Click on Stats Notification from the pipeline tile of the Data Pipeline homepage.

This page allows you to enter the email address, on which you will receive the emails. Choose the duration of the emails, as show below:statsnotification

The other tab Metrics shows all the metrics of the pipeline that will be sent in the email.

stats_3

View Summary

Once a pipeline has been started and is in Active Mode, you can view its Summary.

To view the real-time monitoring graphs, click on the pipeline summary (go to the Data Pipeline page > Pipeline tile > click on the View Summary icon) as shown below:

To enable real time monitoring graphs, go to

Configuration >defaults >spark > EnableMonitoringGraphs and set its value to true

By default, this value is set to False.

In addition, you can view the Spark Job page from the application_1525…. link as shown below:

The View Summary tab provides the following Tabs:

Monitoring

Under the Monitoring Tab, you will find the following graphs, as shown below:

• Query Monitor

• Error Monitor

• Application Error

Query Monitor

The graph will be plotted in panels, these panels will be equal to the number of emitters used in the structure streaming pipeline. Each panel will have three graphs as per below discretion. These graphs can be seen through the view summary option.

Input vs. Processing Rate
The input rate specifies rate at which data is arriving from a source (Data Source) e.g. Kafka.

Processing rate specify the rate at which data from this source is being processed by Spark

Here number of input rows defines number of records processed in a trigger execution.
Batch Duration
Approximate time in to process this over all micro-batch(trigger) in seconds.

Aggregation State
Shows aggregation state of current streaming query. It shows information about operator query that store the aggregation state. The graph will be seen in case if pipeline has done some aggregation.

Continuous Integration Continuous Delivery

Gathr supports continuous integration and continuous delivery of pipeline, in form of test suites and by deploying pipelines on destination.

Continuous Integration

Continuous integration is done by executing test cases (as part of a test-suite) on the incremental state of a pipeline that ensures the pipeline is not impacted by new changes

Test Suite is a collection of Test Cases associated with a pipeline.

You may want to create a test case to verify multiple permutations on continuous data which will then be deployed as soon as they pass the tests.

How to create a test case?

A test case comprises of a set of source data files (one data file for each Data Source) and inspection outputs of each component in the pipeline. These inspection outputs of each component can be thought as the expected data for the component

Every test case will have its source data associated with each Data Source. When a test suite is executed, all its associated test cases are executed too. A test suite run is uniquely identified by a run id. When a test case is executed as part of a run id, each component is inspected again, and the output data can be referred as the actual data.

How a test case is evaluated to pass or fail?

A test case is passed if both the conditions mentioned below are fulfilled:

1. Number of records are the same for actual and expected data.

2. Every field value of each record in actual data matches with the expected data.

Let’s take an example to understand this.

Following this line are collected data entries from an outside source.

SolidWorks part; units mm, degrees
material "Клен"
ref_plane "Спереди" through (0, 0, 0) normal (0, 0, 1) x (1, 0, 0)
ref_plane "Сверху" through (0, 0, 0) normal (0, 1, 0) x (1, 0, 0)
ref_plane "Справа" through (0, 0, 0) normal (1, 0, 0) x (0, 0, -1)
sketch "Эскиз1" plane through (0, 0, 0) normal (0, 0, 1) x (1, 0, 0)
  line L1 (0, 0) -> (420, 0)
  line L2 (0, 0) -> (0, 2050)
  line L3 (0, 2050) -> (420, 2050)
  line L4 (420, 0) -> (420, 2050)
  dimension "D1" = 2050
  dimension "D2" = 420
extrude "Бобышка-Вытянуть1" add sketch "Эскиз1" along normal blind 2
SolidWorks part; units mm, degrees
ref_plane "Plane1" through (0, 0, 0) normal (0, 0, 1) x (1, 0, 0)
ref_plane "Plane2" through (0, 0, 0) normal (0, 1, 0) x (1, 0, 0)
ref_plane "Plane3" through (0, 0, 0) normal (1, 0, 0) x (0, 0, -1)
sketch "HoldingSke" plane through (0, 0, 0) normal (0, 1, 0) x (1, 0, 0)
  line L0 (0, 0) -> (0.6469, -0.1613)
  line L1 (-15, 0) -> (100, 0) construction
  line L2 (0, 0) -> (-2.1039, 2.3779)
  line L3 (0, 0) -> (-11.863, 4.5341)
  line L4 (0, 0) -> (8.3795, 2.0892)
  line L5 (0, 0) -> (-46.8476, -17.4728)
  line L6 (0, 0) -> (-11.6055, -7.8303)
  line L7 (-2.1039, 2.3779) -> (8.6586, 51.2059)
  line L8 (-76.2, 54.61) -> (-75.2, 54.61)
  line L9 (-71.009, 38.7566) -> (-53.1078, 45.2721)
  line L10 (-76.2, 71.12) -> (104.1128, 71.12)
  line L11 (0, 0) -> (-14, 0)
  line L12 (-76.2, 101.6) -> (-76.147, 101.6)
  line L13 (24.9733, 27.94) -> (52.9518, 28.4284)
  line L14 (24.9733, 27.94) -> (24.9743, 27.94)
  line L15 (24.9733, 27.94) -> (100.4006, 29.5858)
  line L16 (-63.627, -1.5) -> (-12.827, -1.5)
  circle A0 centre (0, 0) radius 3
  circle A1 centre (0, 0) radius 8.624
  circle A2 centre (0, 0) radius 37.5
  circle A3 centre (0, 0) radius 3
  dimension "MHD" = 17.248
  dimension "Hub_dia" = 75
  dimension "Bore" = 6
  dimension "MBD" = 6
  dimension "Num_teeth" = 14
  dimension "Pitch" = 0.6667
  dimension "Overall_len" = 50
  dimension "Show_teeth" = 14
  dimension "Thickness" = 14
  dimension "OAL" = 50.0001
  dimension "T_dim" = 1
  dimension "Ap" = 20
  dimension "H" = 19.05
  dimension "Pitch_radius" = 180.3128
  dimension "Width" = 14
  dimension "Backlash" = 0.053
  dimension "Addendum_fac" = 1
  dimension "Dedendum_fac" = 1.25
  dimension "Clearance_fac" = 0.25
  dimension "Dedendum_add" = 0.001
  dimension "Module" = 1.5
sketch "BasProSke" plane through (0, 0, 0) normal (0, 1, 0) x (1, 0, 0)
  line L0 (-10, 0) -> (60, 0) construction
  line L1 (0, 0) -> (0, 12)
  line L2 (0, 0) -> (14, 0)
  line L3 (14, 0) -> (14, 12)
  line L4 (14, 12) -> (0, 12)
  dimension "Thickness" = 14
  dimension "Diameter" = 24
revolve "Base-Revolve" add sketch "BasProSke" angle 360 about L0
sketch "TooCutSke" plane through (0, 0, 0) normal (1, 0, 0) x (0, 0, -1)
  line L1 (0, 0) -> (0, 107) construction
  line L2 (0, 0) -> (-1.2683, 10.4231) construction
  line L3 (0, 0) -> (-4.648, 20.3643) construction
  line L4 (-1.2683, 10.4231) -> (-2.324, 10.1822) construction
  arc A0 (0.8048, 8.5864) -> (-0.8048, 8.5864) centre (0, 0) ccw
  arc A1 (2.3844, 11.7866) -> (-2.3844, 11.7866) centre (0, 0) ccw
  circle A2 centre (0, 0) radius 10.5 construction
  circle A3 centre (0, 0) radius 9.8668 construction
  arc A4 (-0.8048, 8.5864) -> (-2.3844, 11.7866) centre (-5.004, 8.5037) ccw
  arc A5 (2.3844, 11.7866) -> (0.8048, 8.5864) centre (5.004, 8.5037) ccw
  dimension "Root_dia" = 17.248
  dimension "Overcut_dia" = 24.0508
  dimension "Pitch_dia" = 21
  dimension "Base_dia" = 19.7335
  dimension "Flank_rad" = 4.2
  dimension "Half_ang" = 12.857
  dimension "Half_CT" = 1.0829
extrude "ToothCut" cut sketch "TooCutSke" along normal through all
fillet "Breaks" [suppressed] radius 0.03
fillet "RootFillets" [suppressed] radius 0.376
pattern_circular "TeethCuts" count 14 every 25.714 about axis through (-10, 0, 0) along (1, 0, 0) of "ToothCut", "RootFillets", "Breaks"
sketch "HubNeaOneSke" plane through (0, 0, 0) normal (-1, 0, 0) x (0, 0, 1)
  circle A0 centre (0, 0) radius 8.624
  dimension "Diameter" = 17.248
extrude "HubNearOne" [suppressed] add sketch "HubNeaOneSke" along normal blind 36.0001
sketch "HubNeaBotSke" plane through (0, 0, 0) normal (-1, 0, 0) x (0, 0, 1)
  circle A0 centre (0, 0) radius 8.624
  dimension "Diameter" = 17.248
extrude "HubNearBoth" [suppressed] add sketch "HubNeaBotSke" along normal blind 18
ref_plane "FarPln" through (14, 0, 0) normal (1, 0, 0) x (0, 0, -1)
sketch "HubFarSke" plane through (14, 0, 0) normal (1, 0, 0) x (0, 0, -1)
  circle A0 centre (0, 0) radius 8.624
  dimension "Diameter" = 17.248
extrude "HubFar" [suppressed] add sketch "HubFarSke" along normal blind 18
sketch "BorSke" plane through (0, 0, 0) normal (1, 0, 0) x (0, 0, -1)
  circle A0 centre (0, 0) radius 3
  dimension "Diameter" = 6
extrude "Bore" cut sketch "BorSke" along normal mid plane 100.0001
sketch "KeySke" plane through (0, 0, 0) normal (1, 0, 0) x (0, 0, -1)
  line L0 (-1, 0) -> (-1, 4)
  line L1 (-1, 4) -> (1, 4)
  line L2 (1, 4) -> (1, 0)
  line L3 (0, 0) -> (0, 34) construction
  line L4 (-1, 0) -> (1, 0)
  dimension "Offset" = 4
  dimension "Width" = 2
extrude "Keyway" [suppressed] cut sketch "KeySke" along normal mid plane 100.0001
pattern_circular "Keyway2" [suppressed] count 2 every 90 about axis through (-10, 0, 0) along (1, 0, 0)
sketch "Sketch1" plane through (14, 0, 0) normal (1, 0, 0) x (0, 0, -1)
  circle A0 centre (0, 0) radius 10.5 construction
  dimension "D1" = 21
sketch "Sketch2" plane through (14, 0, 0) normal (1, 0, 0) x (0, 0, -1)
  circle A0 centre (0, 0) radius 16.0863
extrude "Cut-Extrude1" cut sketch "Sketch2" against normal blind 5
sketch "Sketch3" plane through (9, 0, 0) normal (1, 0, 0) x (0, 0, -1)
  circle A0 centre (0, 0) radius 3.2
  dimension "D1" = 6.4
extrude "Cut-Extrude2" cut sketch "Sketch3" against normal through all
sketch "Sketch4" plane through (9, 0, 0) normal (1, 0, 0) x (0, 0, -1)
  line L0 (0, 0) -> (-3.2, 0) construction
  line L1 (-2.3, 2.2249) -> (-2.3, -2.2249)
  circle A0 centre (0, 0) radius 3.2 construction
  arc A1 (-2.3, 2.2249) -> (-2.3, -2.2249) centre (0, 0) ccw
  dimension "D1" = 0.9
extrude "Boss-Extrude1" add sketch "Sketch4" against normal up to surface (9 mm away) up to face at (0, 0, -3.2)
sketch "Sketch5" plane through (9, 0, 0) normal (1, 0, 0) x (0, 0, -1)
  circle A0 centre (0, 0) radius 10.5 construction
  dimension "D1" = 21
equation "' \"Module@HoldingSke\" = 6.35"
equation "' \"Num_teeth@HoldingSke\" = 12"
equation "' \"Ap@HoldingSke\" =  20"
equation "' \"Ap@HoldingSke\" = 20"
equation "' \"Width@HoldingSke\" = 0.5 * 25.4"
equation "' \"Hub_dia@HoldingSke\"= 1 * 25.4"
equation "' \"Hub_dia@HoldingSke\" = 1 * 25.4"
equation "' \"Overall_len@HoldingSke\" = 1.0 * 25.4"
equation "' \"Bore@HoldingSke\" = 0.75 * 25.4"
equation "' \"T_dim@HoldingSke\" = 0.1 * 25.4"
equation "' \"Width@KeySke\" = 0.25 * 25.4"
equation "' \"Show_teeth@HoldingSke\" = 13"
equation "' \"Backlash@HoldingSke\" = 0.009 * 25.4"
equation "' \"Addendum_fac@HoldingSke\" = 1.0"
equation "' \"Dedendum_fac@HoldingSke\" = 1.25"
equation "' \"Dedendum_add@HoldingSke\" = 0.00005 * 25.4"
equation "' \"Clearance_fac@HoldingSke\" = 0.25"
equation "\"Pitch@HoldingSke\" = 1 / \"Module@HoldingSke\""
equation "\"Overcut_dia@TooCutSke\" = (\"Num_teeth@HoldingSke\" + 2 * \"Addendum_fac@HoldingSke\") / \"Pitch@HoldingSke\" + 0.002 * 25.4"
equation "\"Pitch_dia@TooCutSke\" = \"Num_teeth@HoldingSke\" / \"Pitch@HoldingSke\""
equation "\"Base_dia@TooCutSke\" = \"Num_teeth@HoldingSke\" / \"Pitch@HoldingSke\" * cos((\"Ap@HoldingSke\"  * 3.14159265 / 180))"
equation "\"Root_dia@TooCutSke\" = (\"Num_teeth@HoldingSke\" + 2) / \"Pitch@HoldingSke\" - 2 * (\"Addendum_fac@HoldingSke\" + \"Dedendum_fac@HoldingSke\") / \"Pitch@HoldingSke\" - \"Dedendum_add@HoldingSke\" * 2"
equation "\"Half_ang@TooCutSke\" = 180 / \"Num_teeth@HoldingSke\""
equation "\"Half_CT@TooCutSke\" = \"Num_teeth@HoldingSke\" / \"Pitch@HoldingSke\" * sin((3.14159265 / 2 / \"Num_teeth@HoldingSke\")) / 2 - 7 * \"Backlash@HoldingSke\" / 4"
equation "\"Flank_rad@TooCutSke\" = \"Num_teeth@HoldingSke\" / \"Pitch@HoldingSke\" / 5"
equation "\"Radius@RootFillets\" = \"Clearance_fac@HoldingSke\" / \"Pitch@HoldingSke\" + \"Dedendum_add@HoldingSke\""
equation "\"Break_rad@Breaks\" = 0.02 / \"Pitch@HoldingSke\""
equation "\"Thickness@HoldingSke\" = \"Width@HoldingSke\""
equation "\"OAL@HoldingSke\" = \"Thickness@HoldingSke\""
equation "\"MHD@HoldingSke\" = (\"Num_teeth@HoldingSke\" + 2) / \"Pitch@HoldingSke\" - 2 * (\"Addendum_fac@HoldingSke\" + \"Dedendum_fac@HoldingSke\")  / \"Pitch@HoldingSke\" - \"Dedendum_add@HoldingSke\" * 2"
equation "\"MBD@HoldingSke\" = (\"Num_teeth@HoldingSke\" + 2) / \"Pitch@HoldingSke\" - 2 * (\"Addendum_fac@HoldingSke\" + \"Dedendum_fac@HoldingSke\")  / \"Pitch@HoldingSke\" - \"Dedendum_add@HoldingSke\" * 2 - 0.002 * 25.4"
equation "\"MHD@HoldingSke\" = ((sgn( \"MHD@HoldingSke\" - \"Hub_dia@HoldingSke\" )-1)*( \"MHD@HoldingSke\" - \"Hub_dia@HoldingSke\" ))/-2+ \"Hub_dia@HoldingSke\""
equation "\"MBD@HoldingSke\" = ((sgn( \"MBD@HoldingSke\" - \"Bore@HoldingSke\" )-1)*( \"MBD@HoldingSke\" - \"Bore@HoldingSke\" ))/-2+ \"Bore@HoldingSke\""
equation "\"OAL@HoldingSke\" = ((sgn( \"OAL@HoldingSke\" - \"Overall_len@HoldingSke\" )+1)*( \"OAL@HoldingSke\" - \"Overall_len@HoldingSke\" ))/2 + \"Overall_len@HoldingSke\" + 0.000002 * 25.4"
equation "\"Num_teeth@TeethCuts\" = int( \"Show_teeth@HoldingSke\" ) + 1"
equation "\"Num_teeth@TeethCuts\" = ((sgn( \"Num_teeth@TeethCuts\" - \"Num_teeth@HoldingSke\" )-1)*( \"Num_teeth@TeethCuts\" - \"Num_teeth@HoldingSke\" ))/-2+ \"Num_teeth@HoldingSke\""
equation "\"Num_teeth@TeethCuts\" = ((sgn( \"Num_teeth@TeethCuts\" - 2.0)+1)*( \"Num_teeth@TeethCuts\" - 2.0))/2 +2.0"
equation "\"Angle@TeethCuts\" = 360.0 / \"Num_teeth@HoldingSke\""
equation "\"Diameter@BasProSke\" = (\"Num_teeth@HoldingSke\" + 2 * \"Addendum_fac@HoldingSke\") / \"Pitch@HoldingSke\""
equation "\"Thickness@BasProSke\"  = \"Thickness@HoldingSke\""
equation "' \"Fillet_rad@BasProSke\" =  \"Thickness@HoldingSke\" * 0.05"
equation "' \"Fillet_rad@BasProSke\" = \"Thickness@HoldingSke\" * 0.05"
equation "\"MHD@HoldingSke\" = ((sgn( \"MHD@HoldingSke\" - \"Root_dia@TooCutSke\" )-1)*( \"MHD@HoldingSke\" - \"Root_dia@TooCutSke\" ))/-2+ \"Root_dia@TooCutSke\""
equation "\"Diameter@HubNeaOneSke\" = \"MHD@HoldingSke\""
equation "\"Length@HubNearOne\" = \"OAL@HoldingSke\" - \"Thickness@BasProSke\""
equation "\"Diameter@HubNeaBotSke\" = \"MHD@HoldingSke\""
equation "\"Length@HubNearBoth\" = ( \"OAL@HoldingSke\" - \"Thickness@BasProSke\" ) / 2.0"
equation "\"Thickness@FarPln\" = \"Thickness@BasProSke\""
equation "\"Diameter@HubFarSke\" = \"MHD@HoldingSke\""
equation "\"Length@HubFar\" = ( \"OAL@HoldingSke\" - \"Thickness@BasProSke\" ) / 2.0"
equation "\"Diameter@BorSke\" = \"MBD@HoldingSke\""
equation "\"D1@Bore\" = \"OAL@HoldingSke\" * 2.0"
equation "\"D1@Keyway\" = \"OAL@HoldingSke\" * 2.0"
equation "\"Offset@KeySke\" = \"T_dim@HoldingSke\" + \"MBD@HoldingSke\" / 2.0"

Your source data may have integers, or some blank values and you may want to perform certain tests to make sure that the invalid or null values are omitted. These test cases can be created with different source data files to test.

Note: When you upload a source file via Upload Data, that file is inspected, and the output is saved. However, when you use, Fetch From Source on a Data Source, Gathr internally generates a source data file using the data from the source.

To create a test case, you need to configure, save and inspect the pipeline.

Create Test Case

Once the pipeline is saved and inspected, a test case can be created. Go to the menu on the data pipeline canvas, as shown below:testsuite

When you click on Test Suite, it opens a New Test Case windo. Click CREATE button. createtestcase

To create a new test case, enter details in the New Test Case window fields, as shown below:

 

Property

Description

Details

Details about the Test case, which is:

Name: Name of the test case.

Two test cases cannot have the same name, within a pipeline that names must be unique.

Description: Enter a description for the test case (optional)

Do Not Compare

Select the columns of either component or the component itself, which will not be compared and tested during inspection. The test case execution will skip data comparison of these component field(s) and component(s). Components, the test case will run on, will save the output file (schema) of the component and compare or not compare a column for the script that runs on the component.

For example: The test case is to check the entries of employees, where a field of Random User ID is generated every time an action happens. This random UID will be different in every field. Therefore, it will fail the test.

Here you can use to not compare either the output field or the component itself.

Note: Only the output fields configured in the Emitter will be populated under fields of a component.

deatilstest

donotcompare

Click on Create, and the success notification message will be shown, with a new entry in the table, as shown below:savedtestcase

Test Suite Properties

Every test case is listed in a tabular form under the components of Data pipeline canvas.

This table has two windows (shown above), Definition and Run History with properties defined below

Definition

The definition tab will show all the details and enables you to create a test case, execute it, run multiple at the same time, and other actions as defined below:

Property

Description

Status

Status signifies the last execution status of a test case. To view the Status of the of test case, i.e., last run status, hover the mouse over the status icon.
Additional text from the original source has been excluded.